Pourquoi tant d’entreprises qui s’appuient sur les données des utilisateurs pour gagner de l’argent semblent-elles avoir un faible pour l’intelligence artificielle ? Si vous demandez à la présidente de Signal, Meredith Whitaker, elle vous répondra que c'est simplement parce que « l'intelligence artificielle est une technologie de surveillance ».

Prenant la scène à TechCrunchDisrupt2023, Whittaker a exposé son point de vue selon lequel l'IA est en grande partie indissociable du big data et cible l'industrie de longue date par des entreprises comme Google et Meta, des entreprises et des entreprises de défense moins axées sur le consommateur mais tout aussi importantes.

"Cela nécessite des modèles économiques de surveillance ; il s'agit d'une intensification de la croissance de la publicité de surveillance que nous observons depuis la fin des années 1990. Je pense que l'IA est un moyen de consolider et d'étendre les modèles économiques de surveillance", a-t-elle déclaré. "Un diagramme de Venn est un cercle. Utiliser l'intelligence artificielle est aussi une forme de surveillance, n'est-ce pas ? Vous savez, vous passez devant une caméra de reconnaissance faciale avec un instrument pseudoscientifique de reconnaissance des émotions et elle génère des données sur vous qui, à tort ou à raison, disent "tu es heureux, tu es triste, tu as une mauvaise personnalité, tu es un menteur, etc." Ce sont en fin de compte des systèmes de surveillance qui sont commercialisés auprès de ceux qui ont du pouvoir sur nous : nos employeurs, nos gouvernements, le contrôle des frontières, etc., pour émettre des jugements et des prédictions qui déterminent notre accès aux ressources et aux opportunités. »

Ironiquement, souligne-t-elle, les données qui sous-tendent ces systèmes sont souvent organisées et annotées par les travailleurs mêmes auxquels ces données peuvent être destinées (une étape nécessaire dans le processus d’assemblage d’ensembles de données d’IA).

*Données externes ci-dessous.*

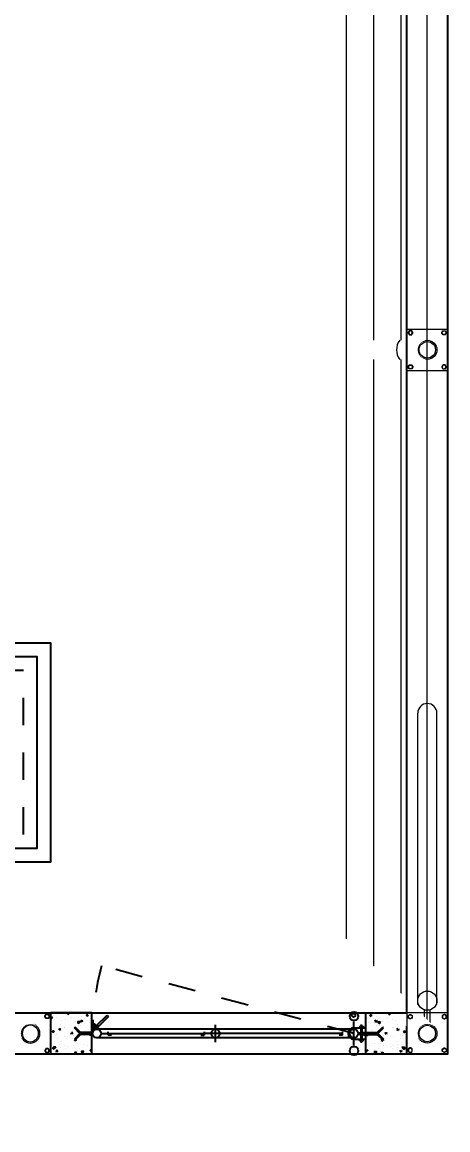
# Model space of a CAD drawing. Header units: inches. Extents: x -7660 to 802, y -193 to 3.
# Drawn here: x 298.724 to 300.279, y -96.654 to -92.603 of the extents above; entities that cross this region are included whole.
import ezdxf
from ezdxf.enums import TextEntityAlignment as Align

# ---------------------------------------------------------------- set-up
doc = ezdxf.new("R2010")
doc.units = ezdxf.units.IN
doc.header["$MEASUREMENT"] = 0
doc.set_wipeout_variables(frame=1)
doc.linetypes.add('HIDDEN', pattern=[0.375, 0.25, -0.125])
doc.layers.add('_NEXTEL-TEXTOS', color=8, linetype='Continuous')
doc.styles.add('Arial', font='arial.ttf')
doc.styles.add('cerca', font='romans.shx', dxfattribs={"height": 1})
doc.linetypes.add('CERCA3', pattern='A,0.5,0.05,["X",cerca,S=0.1,R=0,X=-0.1,Y=-0.05],0.1', length=0.65)

# ---------------------------------------------------------------- blocks, each defined once
blk = doc.blocks.new('rgrg0r5gw51gw1egw1eg')
for p, q in [((3385.5664, -235.9365), (3385.5664, -236.0822)), ((3385.7121, -235.9365), (3385.5664, -235.9365)), ((3385.5793, -235.9564), (3385.5729, -235.9539)), ((3385.5747, -235.9595), (3385.5729, -235.9539)), ((3385.5794, -235.9564), (3385.5748, -235.9595)), ((3385.5759, -235.962), (3385.5769, -235.9532)), ((3385.5841, -235.9607), (3385.5769, -235.9531)), ((3385.5852, -235.949), (3385.5862, -235.9432)), ((3385.5909, -235.9479), (3385.5853, -235.9484)), ((3385.5907, -235.9479), (3385.5862, -235.9426)), ((3385.6124, -235.9372), (3385.6124, -235.9372)), ((3385.6181, -235.9574), (3385.6181, -235.9574)), ((3385.6515, -235.9432), (3385.6526, -235.9374)), ((3385.6572, -235.9421), (3385.6517, -235.9426)), ((3385.657, -235.9421), (3385.6526, -235.9368)), ((3385.66, -235.9437), (3385.66, -235.9437)), ((3385.6674, -235.9553), (3385.6674, -235.9553)), ((3385.6828, -235.9456), (3385.6745, -235.9469)), ((3385.6746, -235.9467), (3385.6756, -235.9379)), ((3385.6829, -235.9453), (3385.6756, -235.9378)), ((3385.6927, -235.9401), (3385.6927, -235.9401)), ((3385.7121, -235.9489), (3385.7058, -235.9465)), ((3385.7077, -235.9521), (3385.7058, -235.9465)), ((3385.7072, -235.9439), (3385.7072, -235.9439)), ((3385.7121, -235.9491), (3385.7077, -235.9521)), ((3385.708, -235.9507), (3385.708, -235.9507)), ((3385.7121, -235.9365), (3385.7121, -236.0822)), ((3385.5668, -235.9621), (3385.5668, -235.9621)), ((3385.568, -235.9929), (3385.568, -235.9929)), ((3385.5687, -235.9595), (3385.5687, -235.9595)), ((3385.584, -235.9609), (3385.5758, -235.9622)), ((3385.5897, -235.9931), (3385.5897, -235.9931)), ((3385.5986, -235.9698), (3385.5986, -235.9698)), ((3385.6004, -235.9612), (3385.6004, -235.9612)), ((3385.6031, -235.9806), (3385.6031, -235.9806)), ((3385.6136, -235.968), (3385.6136, -235.968)), ((3385.6236, -235.9643), (3385.6236, -235.9643)), ((3385.6479, -235.9677), (3385.6479, -235.9677)), ((3385.6496, -235.9894), (3385.6519, -235.9871)), ((3385.6695, -236.0094), (3385.6496, -235.9894)), ((3385.6571, -235.9862), (3385.6506, -235.9837)), ((3385.6525, -235.9893), (3385.6506, -235.9837)), ((3385.6709, -236.0061), (3385.6519, -235.9871)), ((3385.6571, -235.9862), (3385.6525, -235.9893)), ((3385.657, -235.9899), (3385.657, -235.9899)), ((3385.6611, -235.9745), (3385.6611, -235.9745)), ((3385.682, -235.972), (3385.682, -235.972)), ((3385.6973, -235.9657), (3385.6973, -235.9657)), ((3385.7091, -235.9815), (3385.7091, -235.9815)), ((3385.5691, -236.0237), (3385.5691, -236.0237)), ((3385.5723, -236.0186), (3385.5734, -236.0128)), ((3385.578, -236.0175), (3385.5725, -236.018)), ((3385.5778, -236.0175), (3385.5734, -236.0122)), ((3385.5809, -236.0009), (3385.5809, -236.0009)), ((3385.5871, -236.0065), (3385.5871, -236.0065)), ((3385.6018, -236.0234), (3385.5954, -236.021)), ((3385.5973, -236.0266), (3385.5954, -236.021)), ((3385.6019, -236.0235), (3385.5973, -236.0266)), ((3385.6141, -236.0296), (3385.6141, -236.0296)), ((3385.6147, -235.9988), (3385.6147, -235.9988)), ((3385.6158, -236.0296), (3385.6158, -236.0296)), ((3385.6248, -235.9977), (3385.6248, -235.9977)), ((3385.6349, -236.0102), (3385.6349, -236.0102)), ((3385.6365, -236.0044), (3385.6365, -236.0044)), ((3385.6387, -236.0128), (3385.6398, -236.007)), ((3385.6444, -236.0117), (3385.6389, -236.0122)), ((3385.6442, -236.0117), (3385.6397, -236.0064)), ((3385.6479, -236.0008), (3385.6479, -236.0008)), ((3385.6491, -236.0342), (3385.6491, -236.0342)), ((3385.6695, -236.0094), (3385.6496, -236.0293)), ((3385.6496, -236.0293), (3385.6519, -236.0317)), ((3385.6709, -236.0127), (3385.6519, -236.0317)), ((3385.6622, -236.0053), (3385.6622, -236.0053)), ((3385.6633, -236.0361), (3385.6633, -236.0361)), ((3385.7121, -236.0061), (3385.6709, -236.0061)), ((3385.7121, -236.0127), (3385.6709, -236.0127)), ((3385.6859, -236.0023), (3385.6859, -236.0023)), ((3385.6888, -236.0194), (3385.6888, -236.0194)), ((3385.7051, -236.007), (3385.7061, -236.0012)), ((3385.7108, -236.0059), (3385.7052, -236.0064)), ((3385.7106, -236.0059), (3385.7061, -236.0005)), ((3385.7064, -236.0085), (3385.7064, -236.0085)), ((3385.7103, -236.0123), (3385.7103, -236.0123)), ((3385.711, -235.9991), (3385.711, -235.9991)), ((3385.5718, -236.0661), (3385.5664, -236.0605)), ((3385.5718, -236.0663), (3385.5664, -236.0672)), ((3385.5702, -236.0545), (3385.5702, -236.0545)), ((3385.58, -236.0584), (3385.58, -236.0584)), ((3385.5856, -236.0662), (3385.5856, -236.0662)), ((3385.5995, -236.0426), (3385.5995, -236.0426)), ((3385.6051, -236.0538), (3385.6051, -236.0538)), ((3385.6169, -236.0604), (3385.6169, -236.0604)), ((3385.635, -236.0641), (3385.635, -236.0641)), ((3385.6384, -236.0661), (3385.6384, -236.0661)), ((3385.6535, -236.0518), (3385.6535, -236.0518)), ((3385.6545, -236.0517), (3385.6545, -236.0517)), ((3385.6623, -236.0521), (3385.6634, -236.0433)), ((3385.6705, -236.051), (3385.6623, -236.0523)), ((3385.6706, -236.0508), (3385.6634, -236.0433)), ((3385.6645, -236.0669), (3385.6645, -236.0669)), ((3385.6723, -236.0373), (3385.6723, -236.0373)), ((3385.6796, -236.0533), (3385.6731, -236.0508)), ((3385.675, -236.0564), (3385.6731, -236.0508)), ((3385.6735, -236.0707), (3385.6735, -236.0707)), ((3385.6796, -236.0533), (3385.675, -236.0564)), ((3385.6844, -236.062), (3385.6844, -236.062)), ((3385.6922, -236.0766), (3385.6933, -236.0708)), ((3385.6979, -236.0755), (3385.6924, -236.076)), ((3385.6977, -236.0755), (3385.6933, -236.0701)), ((3385.6966, -236.0737), (3385.6966, -236.0737)), ((3385.7039, -236.0496), (3385.7039, -236.0496)), ((3385.7074, -236.0611), (3385.7074, -236.0611)), ((3385.7114, -236.0431), (3385.7114, -236.0431)), ((3385.7121, -236.0822), (3385.5664, -236.0822)), ((3385.6259, -236.0822), (3385.6269, -236.0766)), ((3385.6316, -236.0813), (3385.626, -236.0818)), ((3385.6314, -236.0813), (3385.6269, -236.0759))]:
    blk.add_line(p, q)
blk = doc.blocks.new('gdhhgh')
for p, q in [((0.6931, 1.0972), (0.6278, 1.1118)), ((0.6324, 1.1045), (0.6351, 1.1165)), ((0.6324, 1.1045), (0.6384, 1.1031)), ((0.6335, 1.0813), (0.643, 1.1237)), ((0.6351, 1.1165), (0.6411, 1.1151)), ((0.68, 1.098), (0.6393, 1.1071)), ((0.6809, 1.102), (0.6402, 1.1111)), ((0.6551, 1.0925), (0.6612, 1.1197)), ((0.6555, 1.1126), (0.6677, 1.1099)), ((0.6595, 1.0915), (0.6656, 1.1187)), ((0.6704, 1.1221), (0.6677, 1.1099)), ((0.6742, 1.0722), (0.6837, 1.1146)), ((0.6851, 1.0927), (0.6791, 1.094)), ((0.6878, 1.1047), (0.6818, 1.106)), ((0.6851, 1.0927), (0.6878, 1.1047)), ((0.6355, 1.0669), (0.4332, 0.1644)), ((0.6662, 1.06), (0.464, 0.1575)), ((0.6963, 1.0673), (0.6114, 1.0863)), ((0.6449, 1.037), (0.5344, 0.5438)), ((0.651, 1.0356), (0.6388, 1.0384)), ((0.651, 1.0356), (0.6483, 1.0234)), ((0.5744, 0.5766), (0.5123, 0.5906)), ((0.4521, 0.1763), (0.5344, 0.5438)), ((0.5283, 0.5452), (0.5405, 0.5425)), ((0.5378, 0.5303), (0.5405, 0.5425)), ((0.3914, 0.2116), (0.3977, 0.2156)), ((0.4214, 0.1644), (0.3914, 0.2116)), ((0.4253, 0.1719), (0.3977, 0.2156)), ((0.4664, 0.2116), (0.4636, 0.1994)), ((0.4204, 0.1602), (0.4231, 0.1724)), ((0.4282, 0.1713), (0.4231, 0.1724)), ((0.4255, 0.1591), (0.4282, 0.1713)), ((0.4636, 0.1994), (0.4514, 0.2021)), ((0.4142, 0.1616), (0.4132, 0.1571)), ((0.4356, 0.1521), (0.4132, 0.1571)), ((0.4333, 0.1573), (0.4142, 0.1616))]:
    blk.add_line(p, q)
at = {"linetype": 'HIDDEN', "ltscale": 0.25}
blk.add_line((0.6539, 1.0768), (0.2109, 0.2316), dxfattribs=at)
for centre, radius in [((0.5918, 1.0914), 0.0158), ((0.5885, 1.0903), 0.00666), ((0.6539, 1.0768), 0.0158), ((0.7162, 1.0635), 0.0158), ((0.5433, 0.5836), 0.0158), ((0.4245, 0.1664), 0.00369), ((0.4486, 0.161), 0.0158)]:
    blk.add_circle(centre, radius)
blk.add_arc((0.6539, 1.0768), 0.0209, 167.3687, 347.3687)
blk.add_arc((0.6533, 1.0741), 0.9516, 242.297, 257.3687, dxfattribs=at)
at = {"yscale": 1.029517181521879, "zscale": 1.029517181521879, "rotation": 257.3686915360678}
for p, xscale in [((999.9879, 3349.2732), 1.029517181521879), ((-524.6896, -3454.2768), -1.02951718152188)]:
    blk.add_blockref('rgrg0r5gw51gw1egw1eg', p, dxfattribs=dict(at, xscale=xscale))
blk = doc.blocks.new('*U648')
at = {"lineweight": 5}
for p, q in [((5535.91, 2516.4599), (5535.909, 2516.4599)), ((5535.91, 2516.4535), (5535.909, 2516.4535)), ((5535.9105, 2516.4608), (5535.91, 2516.4617)), ((5535.9105, 2516.4526), (5535.91, 2516.4517)), ((5535.9161, 2516.464), (5535.9156, 2516.4649)), ((5535.9161, 2516.4494), (5535.9156, 2516.4485)), ((5535.9171, 2516.464), (5535.9176, 2516.4649)), ((5535.9171, 2516.4494), (5535.9176, 2516.4485)), ((5535.9227, 2516.4608), (5535.9232, 2516.4617)), ((5535.9227, 2516.4526), (5535.9232, 2516.4517)), ((5535.9232, 2516.4599), (5535.9242, 2516.4599)), ((5535.9232, 2516.4535), (5535.9242, 2516.4535)), ((5536.0347, 2516.4599), (5536.0337, 2516.4599)), ((5536.0347, 2516.4535), (5536.0337, 2516.4535)), ((5536.0352, 2516.4608), (5536.0347, 2516.4617)), ((5536.0352, 2516.4526), (5536.0347, 2516.4517)), ((5536.0409, 2516.464), (5536.0404, 2516.4649)), ((5536.0409, 2516.4494), (5536.0404, 2516.4485)), ((5536.0419, 2516.464), (5536.0424, 2516.4649)), ((5536.0419, 2516.4494), (5536.0424, 2516.4485)), ((5536.0475, 2516.4608), (5536.048, 2516.4617)), ((5536.0475, 2516.4526), (5536.048, 2516.4517)), ((5536.048, 2516.4599), (5536.049, 2516.4599)), ((5536.048, 2516.4535), (5536.049, 2516.4535)), ((5535.969, 2516.3619), (5535.969, 2516.309)), ((5535.979, 2516.3605), (5535.979, 2516.3105)), ((5535.989, 2516.3619), (5535.989, 2516.309)), ((5535.91, 2516.3375), (5535.909, 2516.3375)), ((5535.91, 2516.331), (5535.909, 2516.331)), ((5535.9105, 2516.3384), (5535.91, 2516.3392)), ((5535.9105, 2516.3302), (5535.91, 2516.3293)), ((5535.9161, 2516.3416), (5535.9156, 2516.3425)), ((5535.9161, 2516.3269), (5535.9156, 2516.3261)), ((5535.9171, 2516.3416), (5535.9176, 2516.3425)), ((5535.9171, 2516.3269), (5535.9176, 2516.3261)), ((5535.9227, 2516.3384), (5535.9232, 2516.3392)), ((5535.9227, 2516.3302), (5535.9232, 2516.3293)), ((5535.9232, 2516.3375), (5535.9242, 2516.3375)), ((5535.9232, 2516.331), (5535.9242, 2516.331)), ((5536.014, 2516.2889), (5536.014, 2515.2239)), ((5535.9145, 2513.9645), (5535.9145, 2513.9655)), ((5535.921, 2513.9645), (5535.921, 2513.9655)), ((5536.0369, 2513.9645), (5536.0369, 2513.9655)), ((5536.0434, 2513.9645), (5536.0434, 2513.9655)), ((5535.9104, 2513.9584), (5535.9095, 2513.9589)), ((5535.9104, 2513.9574), (5535.9095, 2513.9569)), ((5535.9137, 2513.964), (5535.9128, 2513.9645)), ((5535.9137, 2513.9518), (5535.9128, 2513.9513)), ((5535.9145, 2513.9513), (5535.9145, 2513.9503)), ((5535.921, 2513.9513), (5535.921, 2513.9503)), ((5535.9219, 2513.964), (5535.9227, 2513.9645)), ((5535.9219, 2513.9518), (5535.9227, 2513.9513)), ((5535.9251, 2513.9584), (5535.926, 2513.9589)), ((5535.9251, 2513.9574), (5535.926, 2513.9569)), ((5536.0328, 2513.9584), (5536.032, 2513.9589)), ((5536.0328, 2513.9574), (5536.032, 2513.9569)), ((5536.0361, 2513.964), (5536.0352, 2513.9645)), ((5536.0361, 2513.9518), (5536.0352, 2513.9513)), ((5536.0443, 2513.964), (5536.0452, 2513.9645)), ((5536.0443, 2513.9518), (5536.0452, 2513.9513)), ((5536.0475, 2513.9584), (5536.0484, 2513.9589)), ((5536.0475, 2513.9574), (5536.0484, 2513.9569)), ((5535.9104, 2513.8336), (5535.9095, 2513.8341)), ((5535.9104, 2513.8326), (5535.9095, 2513.8321)), ((5535.9137, 2513.8392), (5535.9128, 2513.8397)), ((5535.9137, 2513.827), (5535.9128, 2513.8265)), ((5535.9145, 2513.8397), (5535.9145, 2513.8407)), ((5535.9145, 2513.8265), (5535.9145, 2513.8255)), ((5535.921, 2513.8397), (5535.921, 2513.8407)), ((5535.921, 2513.8265), (5535.921, 2513.8255)), ((5535.9219, 2513.8392), (5535.9227, 2513.8397)), ((5535.9219, 2513.827), (5535.9227, 2513.8265)), ((5535.9251, 2513.8336), (5535.926, 2513.8341)), ((5535.9251, 2513.8326), (5535.926, 2513.8321)), ((5536.0328, 2513.8336), (5536.032, 2513.8341)), ((5536.0328, 2513.8326), (5536.032, 2513.8321)), ((5536.0361, 2513.8392), (5536.0352, 2513.8397)), ((5536.0361, 2513.827), (5536.0352, 2513.8265)), ((5536.0369, 2513.8265), (5536.0369, 2513.8255)), ((5536.0434, 2513.8265), (5536.0434, 2513.8255)), ((5536.0443, 2513.8392), (5536.0452, 2513.8397)), ((5536.0443, 2513.827), (5536.0452, 2513.8265)), ((5536.0475, 2513.8336), (5536.0484, 2513.8341)), ((5536.0475, 2513.8326), (5536.0484, 2513.8321))]:
    blk.add_line(p, q, dxfattribs=at)
at = {"linetype": 'CERCA3', "lineweight": 5, "ltscale": 0.3}
blk.add_line((5535.979, 2516.3655), (5535.979, 2504.995), dxfattribs=at)
at = {"lineweight": 5}
for points in [[(5535.9242, 2516.4599), (5535.9242, 2516.4535, -0.267949), (5535.9232, 2516.4517), (5535.9176, 2516.4485, -0.267949), (5535.9156, 2516.4485), (5535.91, 2516.4517, -0.267949), (5535.909, 2516.4535), (5535.909, 2516.4599, -0.267949), (5535.91, 2516.4617), (5535.9156, 2516.4649, -0.267949), (5535.9176, 2516.4649), (5535.9232, 2516.4617, -0.267949)], [(5535.9232, 2516.4599), (5535.9232, 2516.4535, -0.267949), (5535.9227, 2516.4526), (5535.9171, 2516.4494, -0.267949), (5535.9161, 2516.4494), (5535.9105, 2516.4526, -0.267949), (5535.91, 2516.4535), (5535.91, 2516.4599, -0.267949), (5535.9105, 2516.4608), (5535.9161, 2516.464, -0.267949), (5535.9171, 2516.464), (5535.9227, 2516.4608, -0.267949)], [(5536.0337, 2516.4599), (5536.0337, 2516.4535, 0.267949), (5536.0347, 2516.4517), (5536.0404, 2516.4485, 0.267949), (5536.0424, 2516.4485), (5536.048, 2516.4517, 0.267949), (5536.049, 2516.4535), (5536.049, 2516.4599, 0.267949), (5536.048, 2516.4617), (5536.0424, 2516.4649, 0.267949), (5536.0404, 2516.4649), (5536.0347, 2516.4617, 0.267949)], [(5536.0347, 2516.4599), (5536.0347, 2516.4535, 0.267949), (5536.0352, 2516.4526), (5536.0409, 2516.4494, 0.267949), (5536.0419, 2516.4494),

"Au niveau de l'information sur la vérité fondamentale sur les données, il n'y a aucun moyen de créer ces systèmes sans travail humain -- apprentissage par renforcement avec feedback humain, qui, encore une fois, n'est qu'une technologie assainissant le travail humain instable", a-t-elle expliqué. "Des milliers de travailleurs sont mal payés, mais dans l'ensemble, le coût est élevé, et il n'y a pas d'autre moyen de créer ces systèmes, absolument aucun autre moyen. D'une certaine manière, ce à quoi nous assistons est un phénomène du Magicien d'Oz, où lorsque nous levons le rideau, il n'y a pas vraiment beaucoup d'intelligence."

Cependant, tous les systèmes d’IA et d’apprentissage automatique ne sont pas également exploiteurs. Lorsqu'on lui a demandé si Signal utilisait des outils ou des processus d'IA dans son application ou son travail de développement, elle a confirmé que l'application disposait d'une « maquette de petit appareil, mais nous ne l'avons pas développée, nous l'avons utilisée dans le cadre de la fonction de flou de visage dans notre ensemble d'outils d'édition multimédia.

"Mais le truc, c'est que... oui, c'est une excellente utilisation de l'intelligence artificielle, cela ne nous permet-il pas simplement de contrecarrer toute la négativité que je rejette sur scène ?" a-t-elle ajouté. "Bien sûr, s'il s'agit du seul marché pour la reconnaissance faciale... mais soyons clairs. Le processus de développement et de déploiement de la technologie de reconnaissance faciale est coûteux, et les incitations économiques n'en feront jamais la seule utilisation."